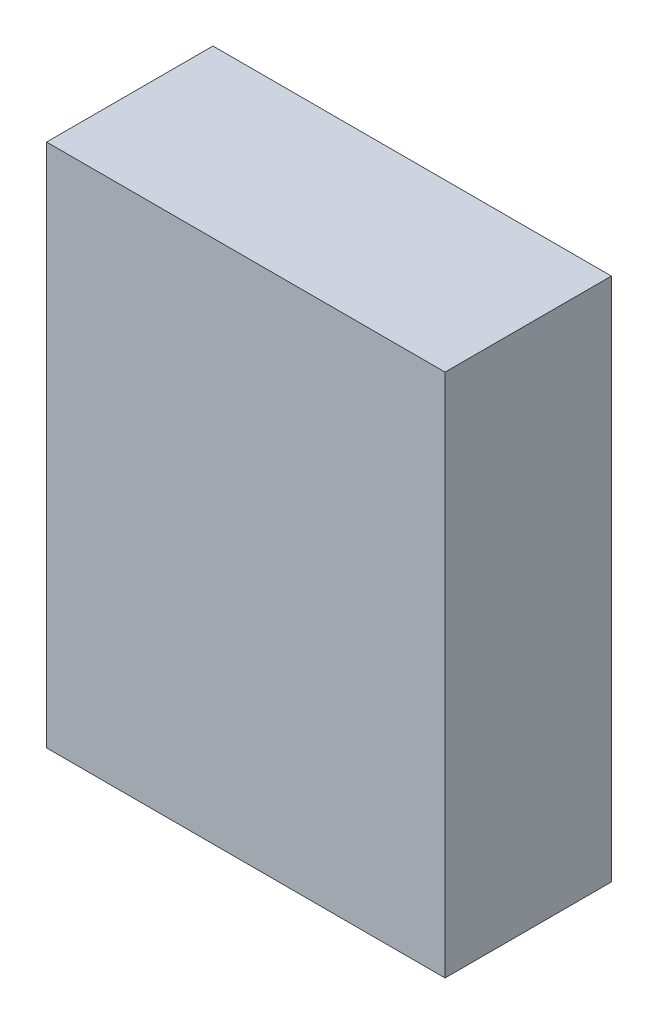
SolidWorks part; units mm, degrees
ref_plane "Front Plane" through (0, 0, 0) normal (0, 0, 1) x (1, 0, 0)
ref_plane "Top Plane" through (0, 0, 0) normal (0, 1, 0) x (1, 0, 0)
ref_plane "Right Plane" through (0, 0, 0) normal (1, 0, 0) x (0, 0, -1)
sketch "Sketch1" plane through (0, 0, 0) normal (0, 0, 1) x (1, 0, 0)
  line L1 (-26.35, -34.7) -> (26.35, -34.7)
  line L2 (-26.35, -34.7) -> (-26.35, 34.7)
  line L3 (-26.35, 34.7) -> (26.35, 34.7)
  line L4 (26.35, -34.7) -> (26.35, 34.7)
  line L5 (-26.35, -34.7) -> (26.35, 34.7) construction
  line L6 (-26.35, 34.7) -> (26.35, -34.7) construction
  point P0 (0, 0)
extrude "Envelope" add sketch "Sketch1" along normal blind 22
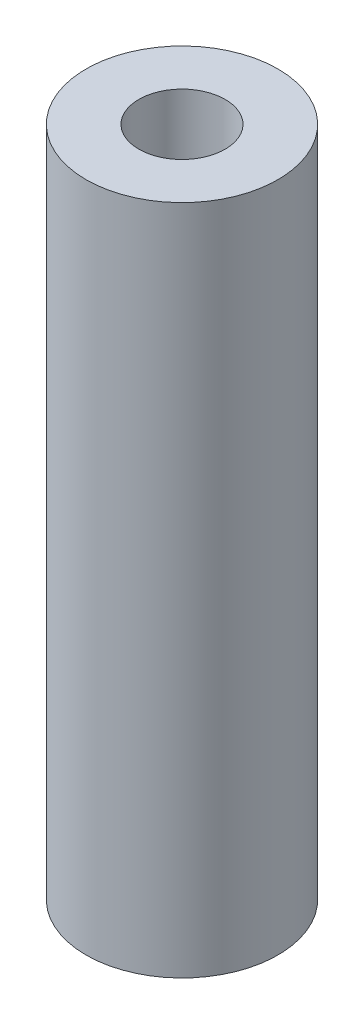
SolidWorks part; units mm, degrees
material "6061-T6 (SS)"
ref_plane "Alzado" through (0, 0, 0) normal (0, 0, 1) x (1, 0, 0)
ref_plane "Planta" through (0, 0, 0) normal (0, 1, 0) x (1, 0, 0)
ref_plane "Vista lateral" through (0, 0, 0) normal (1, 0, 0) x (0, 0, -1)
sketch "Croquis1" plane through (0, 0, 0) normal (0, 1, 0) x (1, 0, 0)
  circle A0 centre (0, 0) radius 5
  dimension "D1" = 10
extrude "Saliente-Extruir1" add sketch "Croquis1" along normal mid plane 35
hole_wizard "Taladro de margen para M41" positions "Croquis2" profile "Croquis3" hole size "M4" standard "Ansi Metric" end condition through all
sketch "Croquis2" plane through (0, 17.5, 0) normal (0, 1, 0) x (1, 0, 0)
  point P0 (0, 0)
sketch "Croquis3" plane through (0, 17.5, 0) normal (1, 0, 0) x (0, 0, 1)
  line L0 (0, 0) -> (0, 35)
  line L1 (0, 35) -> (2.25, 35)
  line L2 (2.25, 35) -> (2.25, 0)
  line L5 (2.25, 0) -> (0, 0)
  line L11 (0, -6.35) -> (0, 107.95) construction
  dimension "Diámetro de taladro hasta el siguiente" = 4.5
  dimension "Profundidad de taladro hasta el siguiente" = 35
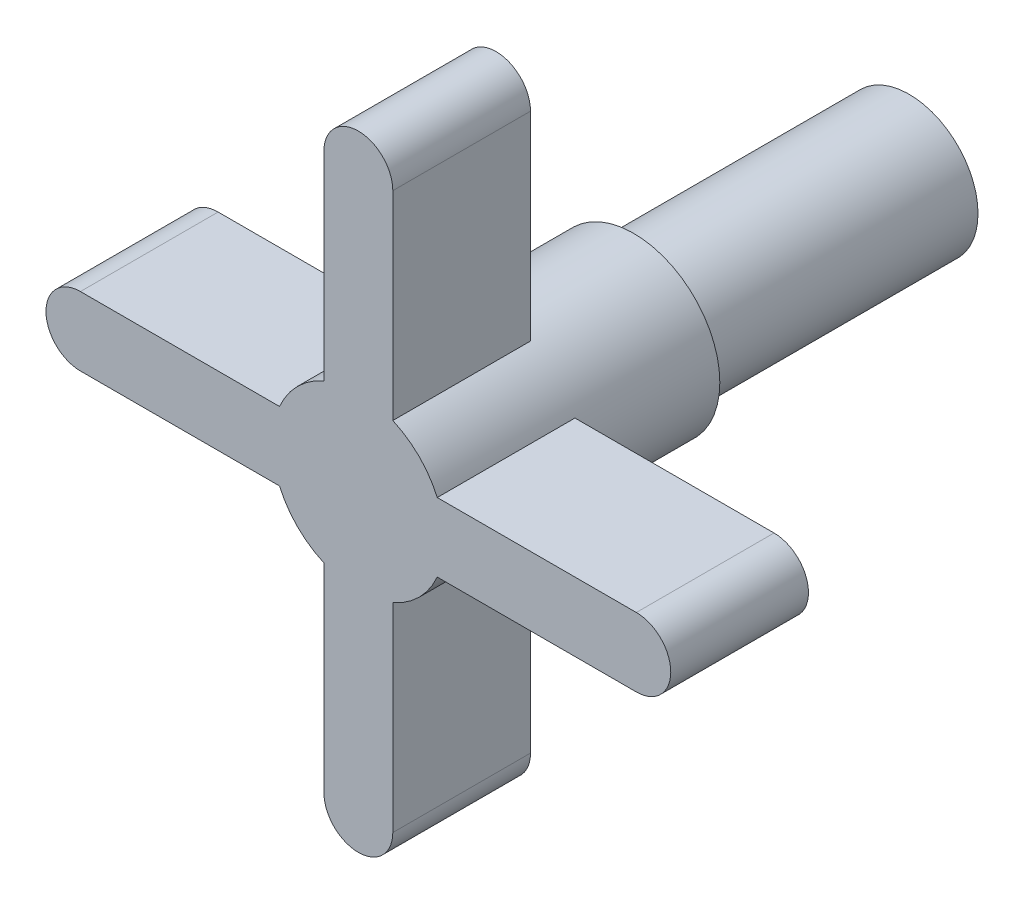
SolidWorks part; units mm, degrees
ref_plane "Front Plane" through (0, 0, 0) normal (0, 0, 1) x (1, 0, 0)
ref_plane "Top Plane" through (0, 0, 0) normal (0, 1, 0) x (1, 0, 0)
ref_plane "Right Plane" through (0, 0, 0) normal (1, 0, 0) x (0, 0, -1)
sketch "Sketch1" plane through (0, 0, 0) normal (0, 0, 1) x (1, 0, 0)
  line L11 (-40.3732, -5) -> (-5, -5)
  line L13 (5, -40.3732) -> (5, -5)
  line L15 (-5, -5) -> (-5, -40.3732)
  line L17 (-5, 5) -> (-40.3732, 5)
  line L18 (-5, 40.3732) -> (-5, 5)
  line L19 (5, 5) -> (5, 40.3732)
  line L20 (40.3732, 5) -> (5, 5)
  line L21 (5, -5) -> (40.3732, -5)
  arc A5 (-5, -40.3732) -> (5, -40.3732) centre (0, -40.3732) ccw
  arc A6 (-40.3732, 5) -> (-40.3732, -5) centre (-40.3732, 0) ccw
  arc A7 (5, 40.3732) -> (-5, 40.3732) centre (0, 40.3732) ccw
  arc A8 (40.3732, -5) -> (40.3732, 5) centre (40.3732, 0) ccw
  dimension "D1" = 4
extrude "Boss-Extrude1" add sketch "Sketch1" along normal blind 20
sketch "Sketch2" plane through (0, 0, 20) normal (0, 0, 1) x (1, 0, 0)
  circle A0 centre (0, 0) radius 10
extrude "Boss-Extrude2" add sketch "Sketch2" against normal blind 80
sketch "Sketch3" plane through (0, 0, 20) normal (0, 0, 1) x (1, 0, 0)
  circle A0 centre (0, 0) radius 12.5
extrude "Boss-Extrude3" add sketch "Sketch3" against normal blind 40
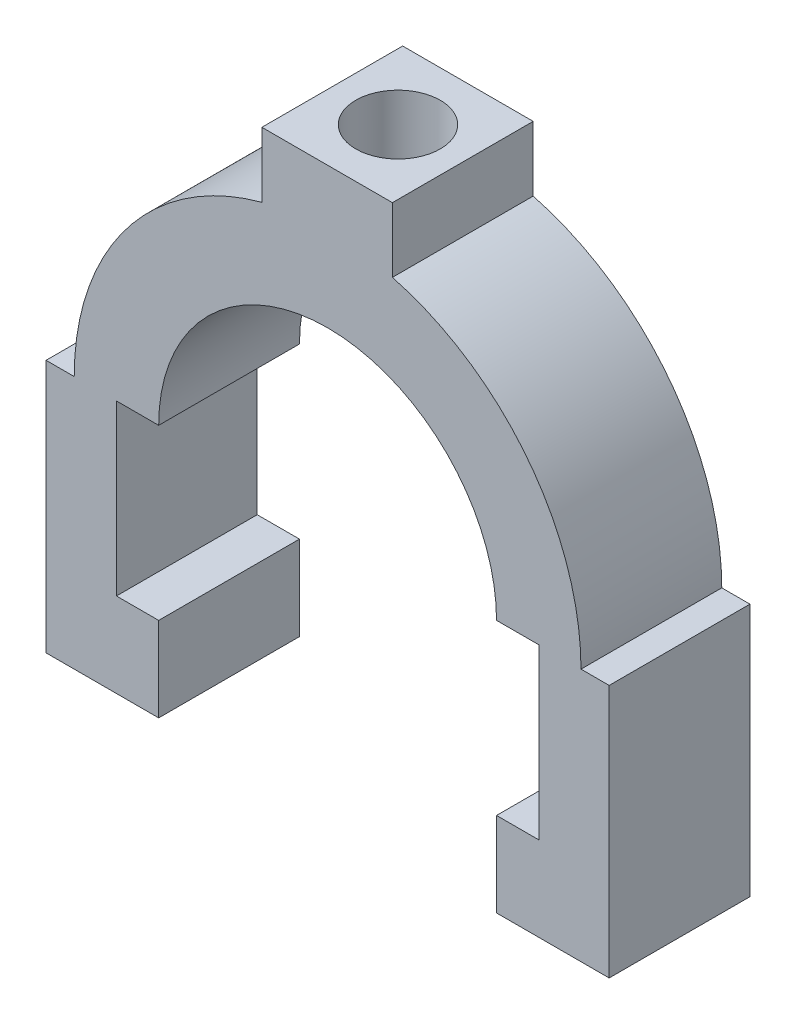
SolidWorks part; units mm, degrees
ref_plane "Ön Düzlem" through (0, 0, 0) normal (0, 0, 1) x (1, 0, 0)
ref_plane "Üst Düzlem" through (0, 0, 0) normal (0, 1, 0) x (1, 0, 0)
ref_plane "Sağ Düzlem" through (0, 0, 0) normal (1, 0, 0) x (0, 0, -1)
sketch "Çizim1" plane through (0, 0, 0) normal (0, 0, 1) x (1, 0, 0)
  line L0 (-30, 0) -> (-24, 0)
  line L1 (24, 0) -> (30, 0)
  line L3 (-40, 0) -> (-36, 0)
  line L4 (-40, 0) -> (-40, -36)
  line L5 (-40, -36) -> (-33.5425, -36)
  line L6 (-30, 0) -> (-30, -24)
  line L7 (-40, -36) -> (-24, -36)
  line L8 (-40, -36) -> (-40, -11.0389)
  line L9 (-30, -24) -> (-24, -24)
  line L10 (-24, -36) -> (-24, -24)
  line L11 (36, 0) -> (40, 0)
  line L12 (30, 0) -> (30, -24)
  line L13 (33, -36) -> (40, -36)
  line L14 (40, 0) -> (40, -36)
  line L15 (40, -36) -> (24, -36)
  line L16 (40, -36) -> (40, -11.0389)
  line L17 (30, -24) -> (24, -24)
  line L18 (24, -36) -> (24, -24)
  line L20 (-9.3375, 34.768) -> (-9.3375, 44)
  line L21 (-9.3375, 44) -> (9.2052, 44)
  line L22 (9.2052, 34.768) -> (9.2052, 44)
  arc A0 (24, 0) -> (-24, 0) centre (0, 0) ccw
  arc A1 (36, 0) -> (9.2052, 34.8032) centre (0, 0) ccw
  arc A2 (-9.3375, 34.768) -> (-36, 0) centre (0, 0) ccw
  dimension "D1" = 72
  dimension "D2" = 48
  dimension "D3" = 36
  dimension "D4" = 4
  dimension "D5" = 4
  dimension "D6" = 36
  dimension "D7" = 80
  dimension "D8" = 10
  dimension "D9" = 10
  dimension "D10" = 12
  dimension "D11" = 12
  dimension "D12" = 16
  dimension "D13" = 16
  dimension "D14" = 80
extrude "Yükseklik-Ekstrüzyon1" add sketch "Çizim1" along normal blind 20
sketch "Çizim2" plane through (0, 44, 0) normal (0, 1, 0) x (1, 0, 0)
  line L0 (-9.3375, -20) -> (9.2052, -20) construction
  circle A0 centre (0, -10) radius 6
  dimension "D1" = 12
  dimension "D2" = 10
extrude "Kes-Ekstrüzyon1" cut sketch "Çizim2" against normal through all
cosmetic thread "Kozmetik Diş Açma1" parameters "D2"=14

------------------------------------------------------------

Exercise directions: Count lines above containing "construction" and report only the total.

The completed task: 4